The study was conducted by postdoctoral associate Jiro Itatani, staff member David M. Villeneuve, and group leader Paul B. Corkum, all of whom are at CNRC's Steacie Institute of Molecular Sciences, and their coworkers at other institutions in Canada and Japan.

Constructing an image of N₂'s HOMO is a multistep process. First, the Ottawa group aligns the nitrogen molecules in a particular orientation by exposing them to a brief pulse of linearly polarized laser light. An instant later, the researchers deliver an intense femtosecond laser pulse to the gas molecules. Within the 10^–15-second period of the intense pulse, an electron in N₂'s HOMO is forced away from the molecule and then driven to recollide with the molecule energetically. The collision angle between the electron and the molecule is fixed by controlling the angle between the two laser pulses.

The team members explain that the laser-molecule interactions produce a series of high-order harmonics--radiation with overtone frequencies that are multiples of the initial laser pulse. They note that the spectrum of overtones carries 2-D information about the electron orbital structure. So by varying the collision angle (via the alignment laser) and recording numerous overtone spectra, the group is able to use tomographic methods to construct a 3-D image of the HOMO.

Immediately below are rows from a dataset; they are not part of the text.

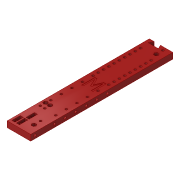
# Autodesk Inventor part: Coupler extension arm motor
Saved by Autodesk Inventor 2020 (Build 240168000, 168)
## iProperties
Created: 2019-10-02
Part Number: Coupler extension arm motor
Material: Generic
Document SubType Name: Modeling
Designer: ball
Density: 1 g/cm^3
Appearance: Default
Author: ball
Autodesk Inventor part; units mm, degrees
ref_plane "YZ Plane" through (0, 0, 0) normal (1, 0, 0) x (0, 1, 0)
ref_plane "XZ Plane" through (0, 0, 0) normal (0, 1, 0) x (-1, 0, 0)
ref_plane "XY Plane" through (0, 0, 0) normal (0, 0, 1) x (1, 0, 0)
sketch "Sketch1" plane through (0, 0, 0) normal (0, 1, 0) x (-1, 0, 0)
  line L0 (0, 0) -> (35.5, 0)
  line L1 (35.5, 0) -> (35.5, -215)
  line L2 (35.5, -215) -> (0, -215)
  line L3 (0, -215) -> (0, 0)
  dimension "d0" = 35.5
  dimension "d1" = 215
  constraints: 8 end point, 2 parallel, 1 horizontal, 1 perpendicular
  measures "d0" distance of L1.end L2.end
  measures "d1" distance of L0.end L1.end
extrude "BlockShape" add sketch "Sketch1" along normal blind 9
sketch "Sketch2" plane through (0, 9, 0) normal (0, 1, 0) x (1, 0, 0)
  circle A0 centre (-10, 15) radius 3.25 construction
  line L0 (-35.5, 0) -> (0, 0) projected
  line L1 (0, 0) -> (0, 215) projected
  line L2 (-13.25, 15) -> (-11.625, 17.8146)
  line L3 (-11.625, 17.8146) -> (-8.375, 17.8146)
  line L4 (-8.375, 17.8146) -> (-6.75, 15)
  line L5 (-6.75, 15) -> (-8.375, 12.1854)
  line L6 (-8.375, 12.1854) -> (-11.625, 12.1854)
  line L7 (-11.625, 12.1854) -> (-13.25, 15)
  circle A1 centre (-10, 200) radius 3.25 construction
  line L8 (-13.25, 200) -> (-11.625, 202.8146)
  line L9 (-11.625, 202.8146) -> (-8.375, 202.8146)
  line L10 (-8.375, 202.8146) -> (-6.75, 200)
  line L11 (-6.75, 200) -> (-8.375, 197.1854)
  line L12 (-8.375, 197.1854) -> (-11.625, 197.1854)
  line L13 (-11.625, 197.1854) -> (-13.25, 200)
  line L14 (0, 215) -> (-35.5, 215) projected
  circle A2 centre (-10, 15) radius 1.7 construction
  circle A3 centre (-10, 200) radius 1.7 construction
  dimension "d7" = 6.5
  dimension "d10" = 6.5
  dimension "d23" = 185
  dimension "d24" = 15
  dimension "d25" = 10
  dimension "d28" = 3.4
  dimension "d29" = 3.4
  constraints: 24 end point, 4 coincident, 2 centre point, 2 horizontal alignment, 30 other
  measures "d23" distance of point (-10, 200) point (-10, 15)
  measures "d24" distance from line of L0 point (-10, 15)
  measures "d25" distance from line of L1 point (-10, 15)
  measures "d28" diameter of A2
  measures "d29" diameter of A3
extrude "SlideNutWell2" cut sketch "Sketch2" against normal blind 5
sketch "Sketch3" plane through (0, 0, 0) normal (0, -1, 0) x (1, 0, 0)
  circle A0 centre (-10, -25) radius 3.25 construction
  line L0 (0, 0) -> (-35.5, 0) projected
  line L1 (-35.5, 0) -> (-35.5, -215) projected
  line L2 (-11.6286, -27.8125) -> (-13.25, -24.9958)
  line L3 (-13.25, -24.9958) -> (-11.6214, -22.1833)
  line L4 (-11.6214, -22.1833) -> (-8.3714, -22.1875)
  line L5 (-8.3714, -22.1875) -> (-6.75, -25.0042)
  line L6 (-6.75, -25.0042) -> (-8.3786, -27.8167)
  line L7 (-8.3786, -27.8167) -> (-11.6286, -27.8125)
  circle A1 centre (-10, -210) radius 3.25 construction
  line L8 (-6.75, -210) -> (-8.375, -212.8146)
  line L9 (-8.375, -212.8146) -> (-11.625, -212.8146)
  line L10 (-11.625, -212.8146) -> (-13.25, -210)
  line L11 (-13.25, -210) -> (-11.625, -207.1854)
  line L12 (-11.625, -207.1854) -> (-8.375, -207.1854)
  line L13 (-8.375, -207.1854) -> (-6.75, -210)
  line L14 (0, -215) -> (0, 0) projected
  dimension "d15" = 6.5
  dimension "d18" = 6.5
  dimension "d16" = 25
  dimension "d19" = 185
  dimension "d26" = 10
  dimension "d27" = 10
  constraints: 24 end point, 2 coincident, 1 horizontal alignment, 31 other
  measures "d16" distance from line of L0 point (-10, -25)
  measures "d19" distance of point (-10, -210) point (-10, -25)
  measures "d26" distance from line of L14 point (-10, -25)
  measures "d27" distance from line of L14 point (-10, -210)
extrude "SlideNutWell1" cut sketch "Sketch3" against normal blind 5
sketch "Sketch5" plane through (0, 9, 0) normal (0, 1, 0) x (1, 0, 0)
  circle A0 centre (-10, 15) radius 1.7
  line L0 (0, 0) -> (0, 215) projected
  line L1 (-35.5, 0) -> (0, 0) projected
  circle A1 centre (-10, 200) radius 1.7
  circle A2 centre (-10, 25) radius 1.7
  circle A3 centre (-10, 210) radius 1.7
  dimension "d30" = 3.4
  dimension "d31" = 10
  dimension "d32" = 15
  dimension "d33" = 3.4
  dimension "d34" = 10
  dimension "d35" = 185
  dimension "d36" = 3.4
  dimension "d37" = 25
  dimension "d38" = 3.4
  dimension "d39" = 10
  dimension "d40" = 185
  constraints: 4 centre point
  measures "d30" diameter of A0
  measures "d31" distance from line of L0 A0.centre
  measures "d32" distance from line of L1 A0.centre
  measures "d33" diameter of A1
  measures "d34" distance from line of L0 A1.centre
  measures "d35" distance of A1.centre A0.centre
  measures "d36" diameter of A2
  measures "d37" distance from line of L1 A2.centre
  measures "d38" diameter of A3
  measures "d39" distance from line of L0 A3.centre
  measures "d40" distance of A2.centre A3.centre
extrude "SlideMoutingHoles" cut sketch "Sketch5" against normal through all
sketch "Sketch6" plane through (0, 9, 0) normal (0, 1, 0) x (1, 0, 0)
  line L0 (-32.5, 4) -> (-27.7502, 4)
  line L1 (-27.7502, 4) -> (-27.7502, 16.7)
  line L2 (-27.7502, 16.7) -> (-32.5, 16.7)
  line L3 (-32.5, 16.7) -> (-32.5, 4)
  line L4 (-35.5, 0) -> (0, 0) projected
  line L5 (-35.5, 215) -> (-35.5, 0) projected
  line L6 (-25.7502, 4) -> (-21.0002, 4)
  line L7 (-21.0002, 4) -> (-21.0002, 16.7)
  line L8 (-21.0002, 16.7) -> (-25.7502, 16.7)
  line L9 (-25.7502, 16.7) -> (-25.7502, 4)
  line L10 (0, 0) -> (0, 215) construction
  line L11 (-35.5, 215) -> (0, 215) projected
  line L12 (0, 0) -> (-20, 0) construction
  line L13 (-20, 0) -> (-20, 215) construction
  line L14 (-20, 215) -> (0, 215) construction
  line L15 (0, 215) -> (0, 0)
  circle A0 centre (-23.3752, 44.7) radius 1.7
  circle A1 centre (-30.125, 44.7) radius 1.7
  circle A2 centre (-30.125, 52.7) radius 1.7
  circle A3 centre (-23.3752, 52.7) radius 1.7
  line L16 (-25.7502, 18.7) -> (-21.0002, 18.7)
  line L17 (-21.0002, 18.7) -> (-21.0002, 31.4)
  line L18 (-21.0002, 31.4) -> (-25.7502, 31.4)
  line L19 (-25.7502, 31.4) -> (-25.7502, 18.7)
  dimension "d43" = 4.7498
  dimension "d44" = 12.7
  dimension "d45" = 4
  dimension "d46" = 3
  dimension "d47" = 4.75
  dimension "d48" = 2
  dimension "d49" = 20
  dimension "d50" = 3.4
  dimension "d51" = 28
  dimension "d87" = 3.4
  dimension "d88" = 5.375
  dimension "d90" = 3.4
  dimension "d91" = 8
  dimension "d92" = 3.4
  dimension "d180" = 4.75
  dimension "d181" = 12.7
  dimension "d182" = 2
  dimension "d183" = 12.7
  dimension "d184" = 4
  dimension "d260" = 28
  dimension "d261" = 8
  constraints: 32 end point, 8 parallel, 4 centre point, 4 horizontal, 4 perpendicular, 2 point on line
  measures "d43" distance of L2.end L1.end
  measures "d44" distance of L1.end L0.end
  measures "d45" distance between parallel lines of L4 L0
  measures "d46" distance between parallel lines of L5 L3
  measures "d47" distance of L8.end L7.end
  measures "d48" distance between parallel lines of L9 L1
  measures "d49" distance of L13.end L14.end
  measures "d50" diameter of A0
  measures "d51" distance from line of A0.centre L8
  measures "d87" diameter of A1
  measures "d88" distance from line of L5 A1.centre
  measures "d90" diameter of A2
  measures "d91" distance of A2.centre A1.centre
  measures "d92" diameter of A3
  measures "d180" distance of L18.end L17.end
  measures "d181" distance of L17.end L16.end
  measures "d182" distance between parallel lines of L16 L8
  measures "d183" distance between parallel lines of L8 L6
  measures "d184" distance between parallel lines of L4 L6
  measures "d260" distance from line of L2 A1.centre
  measures "d261" distance of A0.centre A3.centre
extrude "PulleyHoles" cut sketch "Sketch6" against normal through all contours L3 L2 L1 L0 | L9 L8 L7 L6 | A0 | A1 | A2 | A3 | L19 L18 L17 L16
sketch "Sketch7" plane through (0, 0, 0) normal (0, -1, 0) x (1, 0, 0)
  circle A0 centre (-23.3752, -44.7) radius 1.7 projected
  circle A1 centre (-23.3752, -44.7) radius 3.25 construction
  circle A2 centre (-30.1625, -44.7) radius 3.25 construction
  line L0 (-30.125, -41.4502) -> (-27.3294, -43.1076)
  line L1 (-27.3294, -43.1076) -> (-27.3669, -46.3574)
  line L2 (-27.3669, -46.3574) -> (-30.2, -47.9498)
  line L3 (-30.2, -47.9498) -> (-32.9956, -46.2924)
  line L4 (-32.9956, -46.2924) -> (-32.9581, -43.0426)
  line L5 (-32.9581, -43.0426) -> (-30.125, -41.4502)
  circle A3 centre (-30.125, -44.7) radius 1.7 projected
  line L6 (-20.1252, -44.7) -> (-21.7502, -47.5146)
  line L7 (-21.7502, -47.5146) -> (-25.0002, -47.5146)
  line L8 (-25.0002, -47.5146) -> (-26.6252, -44.7)
  line L9 (-26.6252, -44.7) -> (-25.0002, -41.8854)
  line L10 (-25.0002, -41.8854) -> (-21.7502, -41.8854)
  line L11 (-21.7502, -41.8854) -> (-20.1252, -44.7)
  point P0 (0, 0)
  dimension "d54" = 6.5
  dimension "d89" = 6.5
  dimension "d262" = 0
  constraints: 24 end point, 4 coincident, 1 horizontal alignment, 32 other
  measures "d262" vertical distance of point (-30.162, -44.7) A3.centre
extrude "TensionNutWells2" cut sketch "Sketch7" against normal blind 5 contours A0 | L0 L1 L2 L3 L4 L5 | A3 | L6 L7 L8 L9 L10 L11
sketch "Sketch8" plane through (-35.5, 0, -215) normal (-1, 0, 0) x (0, 0, 1)
  circle A0 centre (204.65, 4.5) radius 1.4605
  line L0 (0, 9) -> (215, 9) projected
  line L1 (215, 0) -> (215, 9) projected
  circle A1 centre (189.95, 4.5) radius 1.45
  dimension "d57" = 2.921
  dimension "d58" = 4.5
  dimension "d59" = 10.35
  dimension "d185" = 2.9
  dimension "d186" = 14.7
  dimension "d187" = 4.5
  constraints: 2 centre point
  measures "d57" diameter of A0
  measures "d58" distance from line of L0 A0.centre
  measures "d59" distance from line of L1 A0.centre
  measures "d185" diameter of A1
  measures "d186" distance of A1.centre A0.centre
  measures "d187" distance from line of L0 A1.centre
hole "PulleyMountingHole" at (-35.5, 4.5, -10.35) at (-35.5, 4.5, -25.05) direction (1, 0, 0) diameter 2.921 depth 21 counterbore diameter 3.4 counterbore depth 1.5
sketch "Sketch9" plane through (-21.0002, 9, -16.7) normal (-1, 0, 0) x (0, 0, 1)
  circle A0 centre (6.35, -4.5) radius 1.4605 projected
  circle A1 centre (6.35, -4.5) radius 2.54
  circle A2 centre (-8.35, -4.5) radius 1.4605 projected
  circle A3 centre (-8.35, -4.5) radius 2.54
  point P0 (16.7, -9)
  dimension "d67" = 5.08
  dimension "d194" = 5.08
  constraints: 2 centre point, 2 coincident
  measures "d67" diameter of A1
  measures "d194" diameter of A3
extrude "PulleyStandoff4" add sketch "Sketch9" along normal blind 0.2032
sketch "Sketch11" plane through (-25.7502, 9, -4) normal (1, 0, 0) x (0, 0, -1)
  circle A0 centre (6.35, -4.5) radius 2.54
  circle A1 centre (6.35, -4.5) radius 1.4605
  circle A2 centre (21.05, -4.5) radius 1.4605 projected
  circle A3 centre (21.05, -4.5) radius 2.54
  point P0 (-4, -9)
  dimension "d73" = 5.08
  dimension "d195" = 5.08
  constraints: 3 centre point, 3 coincident
  measures "d73" diameter of A0
  measures "d195" diameter of A3
sketch "Sketch12" plane through (-32.5, 9, -4) normal (1, 0, 0) x (0, 0, -1)
  circle A0 centre (6.35, -4.5) radius 2.54
  circle A1 centre (6.35, -4.5) radius 1.4605
  point P0 (-4, -9)
  dimension "d76" = 5.08
  constraints: 2 centre point, 1 coincident
  measures "d76" diameter of A0
extrude "PulleyStandoff1" add sketch "Sketch12" along normal blind 0.2032
sketch "Sketch10" plane through (-27.7502, 9, -16.7) normal (-1, 0, 0) x (0, 0, 1)
  circle A0 centre (6.35, -4.5) radius 2.54
  circle A1 centre (6.35, -4.5) radius 1.4605
  point P0 (16.7, -9)
  dimension "d70" = 5.08
  constraints: 2 centre point, 2 coincident
  measures "d70" diameter of A0
extrude "PulleyStandoff2" add sketch "Sketch10" along normal blind 0.2032
extrude "PulleyStandoff3" add sketch "Sketch11" along normal blind 0.2032
sketch "Sketch15" plane through (0, 9, 0) normal (0, 1, 0) x (1, 0, 0)
  circle A0 centre (-30.125, 52.7) radius 1.7 projected
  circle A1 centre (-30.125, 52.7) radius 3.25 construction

Now that the group has shown that, in a simple molecule, the HOMO--the orbital directly involved in bonding--can be imaged with femtosecond resolution, more complex chemical systems may soon be within reach.

Henrik Stapelfeldt, an associate professor of chemistry at Aarhus University in Denmark, agrees. Commenting on the study in the same issue of Nature, Stapelfeldt notes that "in the near future, it should be possible to watch directly how electron clouds change during chemical reactions. This would be progress, indeed, and provide insight into one of the most fundamental steps in chemistry."